Я прожевывала жаркое мелкими кусочками, запивая его глотками виски, когда прибыла полиция. Я лениво встала и нажала кнопку домофона. Детектив Роулингс назвался, и я вспомнила, что доктор Пирвиц говорил, якобы полиция жаждет встречи со мной. Больницы обязательно передают полицейским информацию о всех насилиях. Это облегчает работу полисменов и помогает жертвам.

Роулингс прямо-таки излучал фальшивую светскость. На нем были джинсы и тенниска, что не только не скрывало пистолет под пиджаком, но, напротив, гротескно выдавало его наличие. Роулингса сопровождал полицейский в форме, чувствовавший себя несколько скованно в присутствии старшего по званию.

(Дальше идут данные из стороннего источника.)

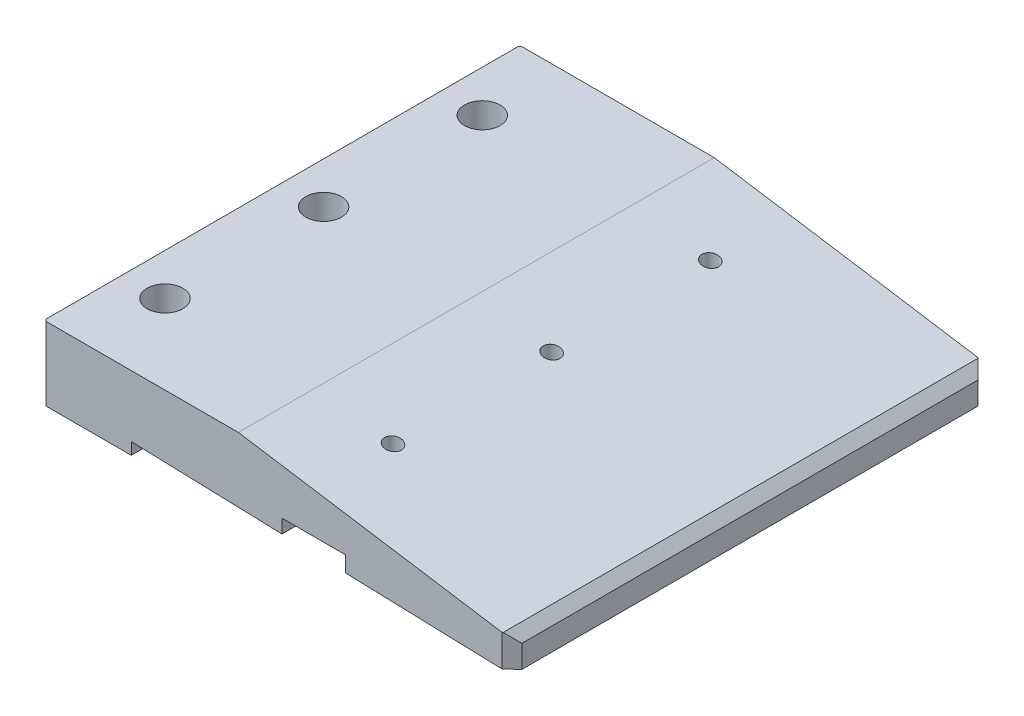
ISO-10303-21;
HEADER;
FILE_DESCRIPTION(('STEP AP214'),'2;1');
FILE_NAME('part.step','',(''),(''),'','','');
FILE_SCHEMA(('AUTOMOTIVE_DESIGN { 1 0 10303 214 1 1 1 1 }'));
ENDSEC;
DATA;
#1=APPLICATION_CONTEXT('core data for automotive mechanical design processes');
#2=APPLICATION_PROTOCOL_DEFINITION('international standard','automotive_design',2000,#1);
#3=PRODUCT_CONTEXT('',#1,'mechanical');
#4=PRODUCT('Part','Part','',(#3));
#5=PRODUCT_RELATED_PRODUCT_CATEGORY('part','',(#4));
#6=PRODUCT_DEFINITION_FORMATION('','',#4);
#7=PRODUCT_DEFINITION_CONTEXT('part definition',#1,'design');
#8=PRODUCT_DEFINITION('design','',#6,#7);
#9=PRODUCT_DEFINITION_SHAPE('','',#8);
#10=(LENGTH_UNIT() NAMED_UNIT(*) SI_UNIT(.MILLI.,.METRE.));
#11=(NAMED_UNIT(*) PLANE_ANGLE_UNIT() SI_UNIT($,.RADIAN.));
#12=(NAMED_UNIT(*) SI_UNIT($,.STERADIAN.) SOLID_ANGLE_UNIT());
#13=UNCERTAINTY_MEASURE_WITH_UNIT(LENGTH_MEASURE(1.E-05),#10,'distance_accuracy_value','');
#14=(GEOMETRIC_REPRESENTATION_CONTEXT(3) GLOBAL_UNCERTAINTY_ASSIGNED_CONTEXT((#13)) GLOBAL_UNIT_ASSIGNED_CONTEXT((#10,
#11,#12)) REPRESENTATION_CONTEXT('',''));
#15=CARTESIAN_POINT('',(0.,0.,0.));
#16=DIRECTION('',(0.,0.,1.));
#17=DIRECTION('',(1.,0.,0.));
#18=AXIS2_PLACEMENT_3D('',#15,#16,#17);
#19=CARTESIAN_POINT('',(0.,-18.5,120.));
#20=DIRECTION('',(1.,0.,0.));
#21=DIRECTION('',(0.,0.,-1.));
#22=AXIS2_PLACEMENT_3D('',#19,#20,#21);
#23=PLANE('',#22);
#24=DIRECTION('',(0.,1.,0.));
#25=VECTOR('',#24,1.);
#26=CARTESIAN_POINT('',(0.,-18.5,117.5));
#27=LINE('',#26,#25);
#28=CARTESIAN_POINT('',(0.,-18.5,117.5));
#29=VERTEX_POINT('',#28);
#30=CARTESIAN_POINT('',(0.,-2.,117.5));
#31=VERTEX_POINT('',#30);
#32=EDGE_CURVE('E234',#29,#31,#27,.T.);
#33=ORIENTED_EDGE('',*,*,#32,.T.);
#34=DIRECTION('',(0.,0.,-1.));
#35=VECTOR('',#34,1.);
#36=CARTESIAN_POINT('',(0.,-2.,120.));
#37=LINE('',#36,#35);
#38=CARTESIAN_POINT('',(0.,-2.,2.5));
#39=VERTEX_POINT('',#38);
#40=EDGE_CURVE('E278',#31,#39,#37,.T.);
#41=ORIENTED_EDGE('',*,*,#40,.T.);
#42=DIRECTION('',(0.,-1.,0.));
#43=VECTOR('',#42,1.);
#44=CARTESIAN_POINT('',(0.,-18.5,2.5));
#45=LINE('',#44,#43);
#46=CARTESIAN_POINT('',(0.,-18.5,2.5));
#47=VERTEX_POINT('',#46);
#48=EDGE_CURVE('E237',#39,#47,#45,.T.);
#49=ORIENTED_EDGE('',*,*,#48,.T.);
#50=DIRECTION('',(0.,0.,-1.));
#51=VECTOR('',#50,1.);
#52=CARTESIAN_POINT('',(0.,-18.5,120.));
#53=LINE('',#52,#51);
#54=EDGE_CURVE('E172',#29,#47,#53,.T.);
#55=ORIENTED_EDGE('',*,*,#54,.F.);
#56=EDGE_LOOP('',(#33,#41,#49,#55));
#57=FACE_BOUND('',#56,.T.);
#58=ADVANCED_FACE('F33',(#57),#23,.F.);
#59=CARTESIAN_POINT('',(24.,-18.5,120.));
#60=DIRECTION('',(0.,1.,0.));
#61=DIRECTION('',(-1.,0.,0.));
#62=AXIS2_PLACEMENT_3D('',#59,#60,#61);
#63=PLANE('',#62);
#64=CARTESIAN_POINT('',(12.5,-18.5,20.));
#65=DIRECTION('',(0.,-1.,0.));
#66=DIRECTION('',(0.,0.,-1.));
#67=AXIS2_PLACEMENT_3D('',#64,#65,#66);
#68=CIRCLE('',#67,7.50000000000001);
#69=CARTESIAN_POINT('',(12.5,-18.5,12.5));
#70=VERTEX_POINT('',#69);
#71=EDGE_CURVE('E646',#70,#70,#68,.T.);
#72=ORIENTED_EDGE('',*,*,#71,.F.);
#73=EDGE_LOOP('',(#72));
#74=FACE_BOUND('',#73,.T.);
#75=CARTESIAN_POINT('',(12.5,-18.5,60.));
#76=DIRECTION('',(0.,-1.,0.));
#77=DIRECTION('',(0.,0.,-1.));
#78=AXIS2_PLACEMENT_3D('',#75,#76,#77);
#79=CIRCLE('',#78,7.50000000000001);
#80=CARTESIAN_POINT('',(12.5,-18.5,52.5));
#81=VERTEX_POINT('',#80);
#82=EDGE_CURVE('E634',#81,#81,#79,.T.);
#83=ORIENTED_EDGE('',*,*,#82,.F.);
#84=EDGE_LOOP('',(#83));
#85=FACE_BOUND('',#84,.T.);
#86=CARTESIAN_POINT('',(12.5,-18.5,100.));
#87=DIRECTION('',(0.,-1.,0.));
#88=DIRECTION('',(0.,0.,-1.));
#89=AXIS2_PLACEMENT_3D('',#86,#87,#88);
#90=CIRCLE('',#89,7.50000000000001);
#91=CARTESIAN_POINT('',(12.5,-18.5,92.5));
#92=VERTEX_POINT('',#91);
#93=EDGE_CURVE('E620',#92,#92,#90,.T.);
#94=ORIENTED_EDGE('',*,*,#93,.F.);
#95=EDGE_LOOP('',(#94));
#96=FACE_BOUND('',#95,.T.);
#97=ORIENTED_EDGE('',*,*,#54,.T.);
#98=DIRECTION('',(0.707106781186548,0.,-0.707106781186548));
#99=VECTOR('',#98,1.);
#100=CARTESIAN_POINT('',(0.,-18.5,2.5));
#101=LINE('',#100,#99);
#102=CARTESIAN_POINT('',(2.5,-18.5,0.));
#103=VERTEX_POINT('',#102);
#104=EDGE_CURVE('E241',#47,#103,#101,.T.);
#105=ORIENTED_EDGE('',*,*,#104,.T.);
#106=DIRECTION('',(1.,0.,0.));
#107=VECTOR('',#106,1.);
#108=CARTESIAN_POINT('',(24.,-18.5,0.));
#109=LINE('',#108,#107);
#110=CARTESIAN_POINT('',(24.,-18.5,0.));
#111=VERTEX_POINT('',#110);
#112=EDGE_CURVE('E169',#103,#111,#109,.T.);
#113=ORIENTED_EDGE('',*,*,#112,.T.);
#114=DIRECTION('',(0.,0.,-1.));
#115=VECTOR('',#114,1.);
#116=CARTESIAN_POINT('',(24.,-18.5,120.));
#117=LINE('',#116,#115);
#118=CARTESIAN_POINT('',(24.,-18.5,120.));
#119=VERTEX_POINT('',#118);
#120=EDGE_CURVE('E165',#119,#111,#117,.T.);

– Ну что, немного порезались, мисс Варшавски? – осведомился Роулингс.

– Так ведь не очень заметно. Однако хирург, кажется, так не считает. Я сказала ему, что вас тоже не проведешь.

– Ох, сдается мне, что я вдоволь навидался всяких ножевых ранений на своем веку, меня и в самом деле не проведешь. Ну а теперь к делу. Вот что меня интересует: разница между частным детективом и адвокатом. Кто вы, мисс Варшавски? Юрист или детектив?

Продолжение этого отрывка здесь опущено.